Before the latest threats, he said in April that he was certain the "Mafia will make me pay" for the book. He added: "With my words, I have tried to change something, but the price has been too high. I just wish I could go back to a normal life."

In a case of life imitating art, earlier this week an actor who played a godfather in Gomorrah was among seven people arrested in a police crackdown.

Bernardino Terracciano, 53, was seized over the weekend on suspicion of extorting protection money and having ties to the Casalesi clan.

Best-seller that points the finger at senior mobsters

IN GOMORRAH, Robert Saviano named killers and their bosses and went into the detail of how the Camorra ran its bloody empire. 

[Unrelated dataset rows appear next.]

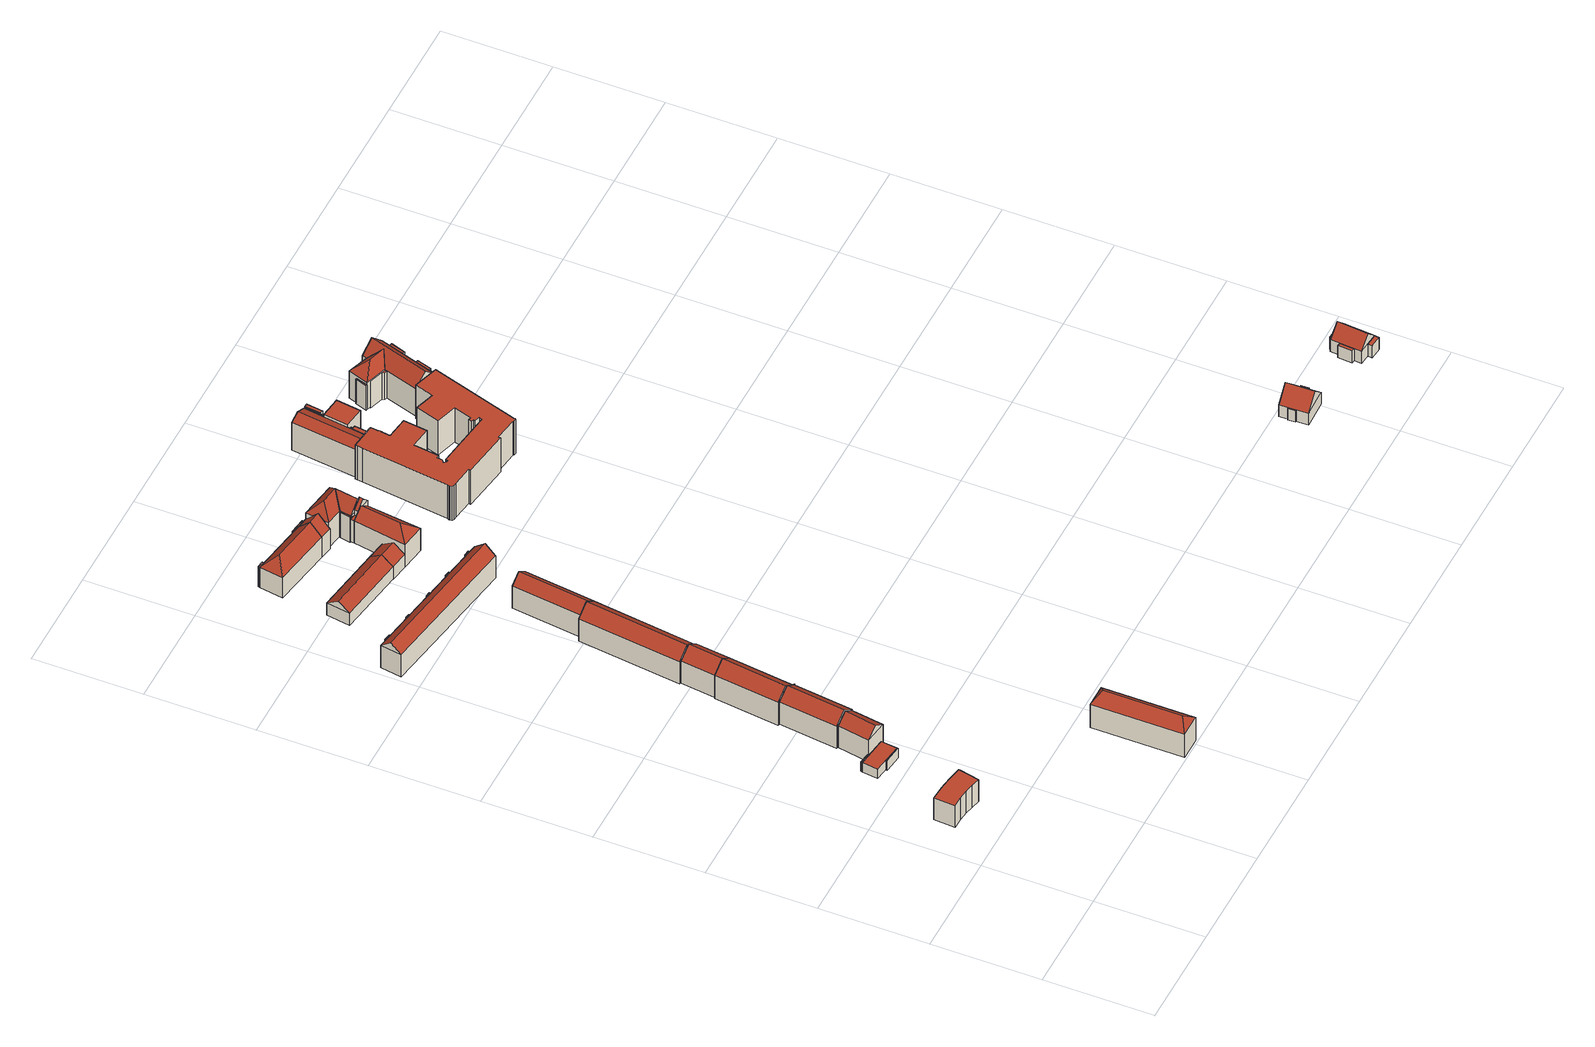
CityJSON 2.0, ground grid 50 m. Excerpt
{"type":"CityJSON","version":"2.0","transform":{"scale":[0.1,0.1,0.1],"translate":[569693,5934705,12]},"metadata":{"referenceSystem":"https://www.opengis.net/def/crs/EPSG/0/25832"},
"CityObjects":{
"building1":{"type":"Building","attributes":{"name":"Carl-Petersen-StraÃe","Gemeindeschluessel":"02100122","function":"31001_1010","yearOfConstruction":1957,"roofType":"1000","measuredHeight":12.23,"storeysAboveGround":3},"address":[{"country":"Germany","locality":"Hamburg","thoroughfareNumber":"124","thoroughfareName":"Carl-Petersen-Straße","postcode":"20535"}],"geometry":[{"type":"Solid","lod":"2","boundaries":[[[[0,1,2,3]],[[4,5,1,0]],[[6,7,5,4]],[[8,9,7,6]],[[10,11,9,8]],[[12,13,11,10]],[[14,15,13,12]],[[16,17,15,14]],[[18,19,17,16]],[[20,21,19,18]],[[3,2,21,20]],[[18,16,14,12,10,8,6,4,0,3,20]],[[1,5,7,9,11,13,15,17,19,21,2]]]],"semantics":{"surfaces":[{"type":"WallSurface"},{"type":"RoofSurface","Flaechenneigung":"90","Flaechenrichtung":"0","Flaechengroesse":"180.989428671581"},{"type":"GroundSurface"}],"values":[[0,0,0,0,0,0,0,0,0,0,0,1,2]]}}]},
"building2":{"type":"Building","attributes":{"name":"Carl-Petersen-StraÃe","Gemeindeschluessel":"02100122","function":"31001_1010"},"children":["building2-1","building2-2","building2-3"]},
"building2-1":{"type":"BuildingPart","attributes":{"roofType":"1000","measuredHeight":5.16,"storeysAboveGround":1},"parents":["building2"],"geometry":[{"type":"Solid","lod":"2","boundaries":[[[[22,23,24,25]],[[26,27,23,22]],[[28,29,27,26]],[[25,24,29,28]],[[26,22,25,28]],[[23,27,29,24]]]],"semantics":{"surfaces":[{"type":"WallSurface"},{"type":"RoofSurface","Flaechenneigung":"90","Flaechenrichtung":"0","Flaechengroesse":"5.62264864993358"},{"type":"GroundSurface"}],"values":[[0,0,0,0,1,2]]}}]},
"building2-2":{"type":"BuildingPart","attributes":{"roofType":"1000","measuredHeight":5.16,"storeysAboveGround":1},"parents":["building2"],"geometry":[{"type":"Solid","lod":"2","boundaries":[[[[30,31,32,33]],[[34,35,31,30]],[[26,27,35,34]],[[33,32,27,26]],[[34,30,33,26]],[[31,35,27,32]]]],"semantics":{"surfaces":[{"type":"WallSurface"},{"type":"RoofSurface","Flaechenneigung":"90","Flaechenrichtung":"0","Flaechengroesse":"109.233173625576"},{"type":"GroundSurface"}],"values":[[0,0,0,0,1,2]]}}]},
"building2-3":{"type":"BuildingPart","attributes":{"roofType":"1000","measuredHeight":5.16,"storeysAboveGround":1},"parents":["building2"],"geometry":[{"type":"Solid","lod":"2","boundaries":[[[[36,37,31,30]],[[38,39,37,36]],[[40,41,39,38]],[[30,31,41,40]],[[38,36,30,40]],[[37,39,41,31]]]],"semantics":{"surfaces":[{"type":"WallSurface"},{"type":"RoofSurface","Flaechenneigung":"90","Flaechenrichtung":"0","Flaechengroesse":"3.43421822296851"},{"type":"GroundSurface"}],"values":[[0,0,0,0,1,2]]}}]},
"building3":{"type":"Building","attributes":{"name":"Lohhof","Gemeindeschluessel":"02100122","function":"31001_1010","yearOfConstruction":1957,"roofType":"3100","measuredHeight":16.29,"storeysAboveGround":4},"address":[{"country":"Germany","locality":"Hamburg","thoroughfareNumber":"1","thoroughfareName":"Lohhof","postcode":"20535"}],"geometry":[{"type":"Solid","lod":"2","boundaries":[[[[42,43,44,45]],[[46,47,43,42]],[[48,49,47,46]],[[45,44,49,48]],[[42,50,46]],[[48,51,45]],[[45,51,50,42]],[[46,50,51,48]],[[43,47,49,44]]]],"semantics":{"surfaces":[{"type":"WallSurface"},{"type":"RoofSurface","Flaechenneigung":"53.9360817724943","Flaechenrichtung":"98.5303879939975","Flaechengroesse":"99.5425328210005"},{"type":"RoofSurface","Flaechenneigung":"53.9258901445393","Flaechenrichtung":"279.37135502149","Flaechengroesse":"99.9239069675338"},{"type":"GroundSurface"}],"values":[[0,0,0,0,0,0,1,2,3]]}}]},
"building4":{"type":"Building","attributes":{"name":"Lohhof","Gemeindeschluessel":"02100122","function":"31001_1010"},"children":["building4-1","building4-2","building4-3"]},
"building4-1":{"type":"BuildingPart","attributes":{"roofType":"3100","measuredHeight":17.06,"storeysAboveGround":4},"parents":["building4"],"geometry":[{"type":"Solid","lod":"2","boundaries":[[[[52,53,54,55]],[[56,57,53,52]],[[58,59,57,56]],[[55,54,59,58]],[[52,60,56]],[[58,61,55]],[[55,61,60,52]],[[56,60,61,58]],[[53,57,59,54]]]],"semantics":{"surfaces":[{"type":"WallSurface"},{"type":"RoofSurface","Flaechenneigung":"51.8431119376664","Flaechenrichtung":"277.03718963266","Flaechengroesse":"201.045123424135"},{"type":"RoofSurface","Flaechenneigung":"51.8431062136629","Flaechenrichtung":"97.025350498316","Flaechengroesse":"201.628691657344"},{"type":"GroundSurface"}],"values":[[0,0,0,0,0,0,1,2,3]]}}]},
"building4-2":{"type":"BuildingPart","attributes":{"roofType":"3100","measuredHeight":17.65,"storeysAboveGround":4},"parents":["building4"],"geometry":[{"type":"Solid","lod":"2","boundaries":[[[[62,63,64,65]],[[66,67,63,62]],[[68,69,67,66]],[[65,64,69,68]],[[62,70,66]],[[68,71,65]],[[65,71,70,62]],[[66,70,71,68]],[[63,67,69,64]]]],"semantics":{"surfaces":[{"type":"WallSurface"},{"type":"RoofSurface","Flaechenneigung":"51.8522054007894","Flaechenrichtung":"277.043869403396","Flaechengroesse":"227.386136634991"},{"type":"RoofSurface","Flaechenneigung":"51.852129693127","Flaechenrichtung":"97.0313871759958","Flaechengroesse":"227.38333235511"},{"type":"GroundSurface"}],"values":[[0,0,0,0,0,0,1,2,3]]}}]},
"building4-3":{"type":"BuildingPart","attributes":{"roofType":"1000","measuredHeight":12.99,"storeysAboveGround":4},"parents":["building4"],"geometry":[{"type":"Solid","lod":"2","boundaries":[[[[72,73,74,75]],[[76,57,73,72]],[[68,69,57,76]],[[75,74,69,68]],[[76,72,75,68]],[[73,57,69,74]]]],"semantics":{"surfaces":[{"type":"WallSurface"},{"type":"RoofSurface","Flaechenneigung":"90","Flaechenrichtung":"0","Flaechengroesse":"0.170440071884735"},{"type":"GroundSurface"}],"values":[[0,0,0,0,1,2]]}}]},
"building5":{"type":"Building","attributes":{"name":"Hammer Steindamm","Gemeindeschluessel":"02100123","function":"31001_1010","yearOfConstruction":1957,"roofType":"3200","measuredHeight":17.18,"storeysAboveGround":4},"address":[{"country":"Germany","locality":"Hamburg","thoroughfareNumber":"145","thoroughfareName":"Hammer Steindamm","postcode":"20535"}],"geometry":[{"type":"Solid","lod":"2","boundaries":[[[[77,78,79,80]],[[81,82,78,77]],[[83,84,82,81]],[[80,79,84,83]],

He also revealed how the Camorra had set up businesses in cities across the world, including Aberdeen, where crime boss Augusto La Torre and his brother Antonio, both from Casale di Principe, lived.

Augusto has now become an informer and he and his brother are back in Italy serving lengthy prison sentences.

Italian police estimate that the Camorra makes more than £130 billion a year and it was recently revealed that the organisation had bought shares in the reconstruction of the World Trade Centre in New York. 

The book has sold more than one million copies and been translated into 33 languages. It is said to be a "hot read" in Italian prisons.

Gomorrah is the name of a biblical town destroyed by its own vices. 

The book title echoes the name of the Mafia clan and highlights Naples's inextricable links to organised crime.